Они разговорились. Слово за слово… И Николай понял, что дедок за свою очень богатую разнообразными событиями жизнь на голых баб явно не насмотрелся. Сочувствуя бедолаге пенсионеру, Щербань очень ловко вывел разговор на тот факт, что у него на руках имеются некоторые изображения, которые гораздо лучше «бульварных» теток, потому как натуральнее: без силикона и ухищрений пластических хирургов. В общем, дедок купил у него альбомчик, который Николай ему любовно оформил, содрав за ретушь и дизайнерские прибамбасы приличную сумму. Семен Викторович, как прозывался дедок-пенсионер, привел к Щербаню и других клиентов. Любителей голых испуганных девушек оказалось предостаточно и не только среди пенсионеров. Слава Щербаня как мастера особой эротической фотографии распространилась по всему стольному граду Киеву, и он к телесным удовольствиям начал получать еще и существенное материальное вознаграждение.
Однажды Щербань прокололся. Во-первых, девчонка здорово сопротивлялась и даже его всего исцарапала, во-вторых, она совершенно неожиданно оказалась киевлянкой и привела-таки в его студию папашу. Папаша неприлично орал, разбил софит, лез в драку и обещал обратиться в милицию. Отмахиваясь от папаши, как от спятившего шмеля, Николай орал в ответ, что не сделал его дочери ничего плохого, а, наоборот, это она его всего исцарапала. И что милиция им ничем не поможет, потому что у них нет никаких доказательств. Даже гинеколог ничего не обнаружит. Он, Николай, не дотрагивался до девчонки и пальцем.
– А где пленка, мерзавец? – вопил папаша. – Машенька говорила, что ты снимал ее на пленку!
– Мало ли чего вам наговорит ваша Машенька! – не оставался в долгу Щербань. – Да ваша Машенька сама ко мне лезла!
Конечно, с родителем пришлось немножко подраться. Сил у Николая было явно больше, и он очень боялся нанести папаше тяжкие телесные, с которыми тот непременно сунулся бы в милицию. Папаша тоже понял, что крутой драки не выйдет, и принялся громить студию.
– А вот за разбой я вас привлеку! – изо всех сил крикнул Щербань, когда папаша собрался шарахнуть о стену его заслуженный «Зенит».
Разгневанный родитель замер с поднятыми к броску руками, с растерянным лицом повернулся к Николаю и очень осторожно положил фотоаппарат на стол.
– Ну, погоди, мразь, я еще придумаю, как тебя прижать, – прошипел он и вылетел из павильона.

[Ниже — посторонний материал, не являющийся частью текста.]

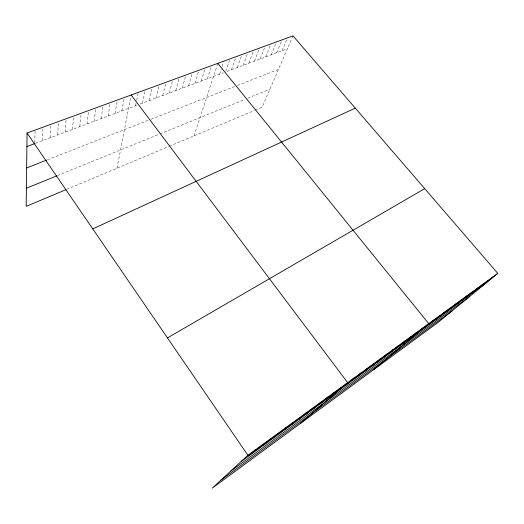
<?xml version="1.0" encoding="UTF-8"?>
<svg xmlns="http://www.w3.org/2000/svg" width="524" height="524" viewBox="0 0 524 524"><rect width="100%" height="100%" fill="white"/><g stroke="black" fill="none" stroke-linecap="round" stroke-linejoin="round"><path stroke-width="0.39" stroke-dasharray="2.62 1.97" d="M34.735 142.797L35.069 130.109M42.437 140.694L42.994 127.214M50.081 137.825L50.828 124.352M57.627 134.989L58.564 121.522M65.094 132.186L66.207 118.732M72.469 129.415L73.766 115.968M79.766 126.677L81.233 113.243M86.977 123.972L88.615 110.544M94.104 121.293L95.918 107.879M101.158 118.647L103.13 105.239M108.134 116.027L110.263 102.632M115.031 113.439L117.317 100.058M121.85 110.878L124.286 97.51M117.003 168.217L131.183 94.995M135.572 105.73L136.057 103.372M136.698 100.235L138.31 92.388M142.469 103.136L145.351 89.814M149.288 100.582L152.314 87.272M156.028 98.047L159.198 84.757M162.695 95.545L166.003 82.268M169.291 93.069L172.73 79.812M175.809 90.619L179.385 77.382M182.26 88.196L185.961 74.978M188.64 85.805L192.472 72.6M194.954 83.434L198.904 70.249M201.196 81.089L205.264 67.924M207.373 78.77L211.558 65.624M194.044 135.854L217.788 63.352M219.536 74.205L221.089 69.581M222.13 66.496L223.945 61.105M225.785 71.192L229.505 60.417M231.444 69.738L236.062 56.671M237.3 67.537L242.029 54.496M243.103 65.356L247.931 52.341M248.841 63.201L253.767 50.206M254.52 61.072L259.544 48.097M260.146 58.957L264.98 46.728M265.714 56.867L270.921 43.937M271.222 54.797L276.521 41.894M276.679 52.754L282.063 39.87M282.076 50.723L287.552 37.866M292.982 35.881L262.085 107.269L254.992 110.25M66.692 189.354L168.473 146.596M169.2 146.294L254.278 110.551M57.489 175.573L158.53 134.491M159.886 133.941L244.04 99.73M247.8 98.198L269.899 89.218M47.429 159.8L148.79 120.12M150.964 119.269L234.654 86.512M237.451 85.419L278.493 69.351M35.416 143.327L137.105 105.154M140.17 104.001L223.276 72.803M226.997 71.402L287.427 48.719"/><path stroke-width="0.79" d="M497.8 273.397L247.904 455.277L212.279 488.119L437.664 322.725L497.8 273.397L292.982 35.881L27.052 133.037L26.2 206.364L65.959 189.662M248.821 455.893L255.679 449.618M256.315 450.437L263.343 444.038M263.703 445.046L270.901 438.536M270.993 439.734L278.362 433.106M278.185 434.488L285.718 427.754M285.285 429.313L292.975 422.475M292.294 424.204L300.134 417.261M299.211 419.161L307.195 412.126M306.042 414.183L314.164 407.05M312.782 409.27L321.042 402.046M319.437 404.417L327.827 397.107M326.007 399.629L334.528 392.227M332.498 394.899L341.144 387.413M300.324 423.51L347.674 382.664L131.183 94.995M345.512 385.409L354.407 377.765M352.043 380.647L361.049 372.924M358.488 375.95L367.612 368.149M364.848 371.313L374.084 363.44M371.13 366.735L380.47 358.789M377.332 362.215L386.778 354.198M383.457 357.748L393.007 349.665M389.509 353.34L399.15 345.192M395.482 348.984L405.222 340.777M401.384 344.681L411.216 336.415M407.214 340.43L417.13 332.111M412.971 336.231L422.979 327.854M373.756 369.623L428.75 323.655L217.788 63.352M424.283 327.985L434.455 319.502M429.837 323.937L440.088 315.402M435.326 319.935L445.649 311.354M440.756 315.979L451.144 307.352M446.114 312.075L456.581 303.396M451.413 308.21L461.945 299.492M456.653 304.392L467.251 295.634M461.834 300.612L472.491 291.816M466.95 296.885L477.672 288.049M472.013 293.191L482.787 284.322M477.017 289.543L487.851 280.635M481.969 285.94L492.855 277M230.757 471.089L469.386 296.702M220.951 480.122L452.71 310.385M241.23 461.428L486.861 282.371M167.464 337.914L424.715 188.647M92.755 228.903L355.292 108.141M26.41 188.208L56.802 175.854M26.645 167.929L46.695 160.082M26.894 146.53L34.715 143.596M27.052 133.037L247.904 455.277"/></g></svg>

Николай считал, что прижать его этому папашке никак не удастся, и расслабился, а тот взял да и, недолго думая, поджег его павильон. Конечно, пожар в людном месте сразу заметили и пламя погасили, но Щербань лишился части своего архива, в частности нескольких пленок с девушками, и почти совсем готового лакомого альбомчика для одного довольно видного руководителя. Николаю пришлось здорово потратиться на ремонт, потому что музей выделил ему очень незначительные средства на восстановление. Пока в павильоне шел ремонт, оставшиеся в живых пленки и фотографии пришлось принести домой. Николай тщательно спрятал компрометирующие материалы: разложил снимки и пленки по пакетикам и засунул за громоздкую мебельную стенку, которая не сдвигалась с места годами, даже во время ремонта квартиры. Они с Оксаной всегда клеили новые обои только узкой полоской под потолком, а за недвижимой стенкой копилась вековая пыль. Почему вдруг Оксане пришло в голову залезть за стенку, осталось для Щербаня загадкой на всю оставшуюся жизнь. Объяснять ему это жена не пожелала, поскольку ей и без того было о чем с ним поговорить и вволю накричаться. Он пытался объяснить Оксане, что эта самая немецкая стенка, за которой она обнаружила фотографии, а также югославская мягкая мебель, чешская хрустальная люстра, двухкамерный холодильник и сочная говяжья вырезка на второе – есть результат сбыта именно этой продукции, но она ничего не хотела понимать. Она называла его извращенцем и разными другими ругательными словами, которые, как неожиданно оказалось, знала в большом количестве. В конце концов жена собрала ему чемодан и указала на дверь. До развода он, конечно, имел право оставаться в квартире, хотя и принадлежащей жене, но обставленной на собственноручно заработанные им деньги, но не стал. Оксана Щербань мало того что была крута характером, она была еще одного роста с мужем и шире его раза в два. От одного только колебания воздуха, производимого движением жены по квартире, Николая склоняло долу, как сухую былинку. Он пытался подвалить к жене в смысле выполнения супружеского долга, пока еще не развелись, но Оксана бубнила одно и то же: мол, с извращенцем и сексуальным маньяком в постель не лягу.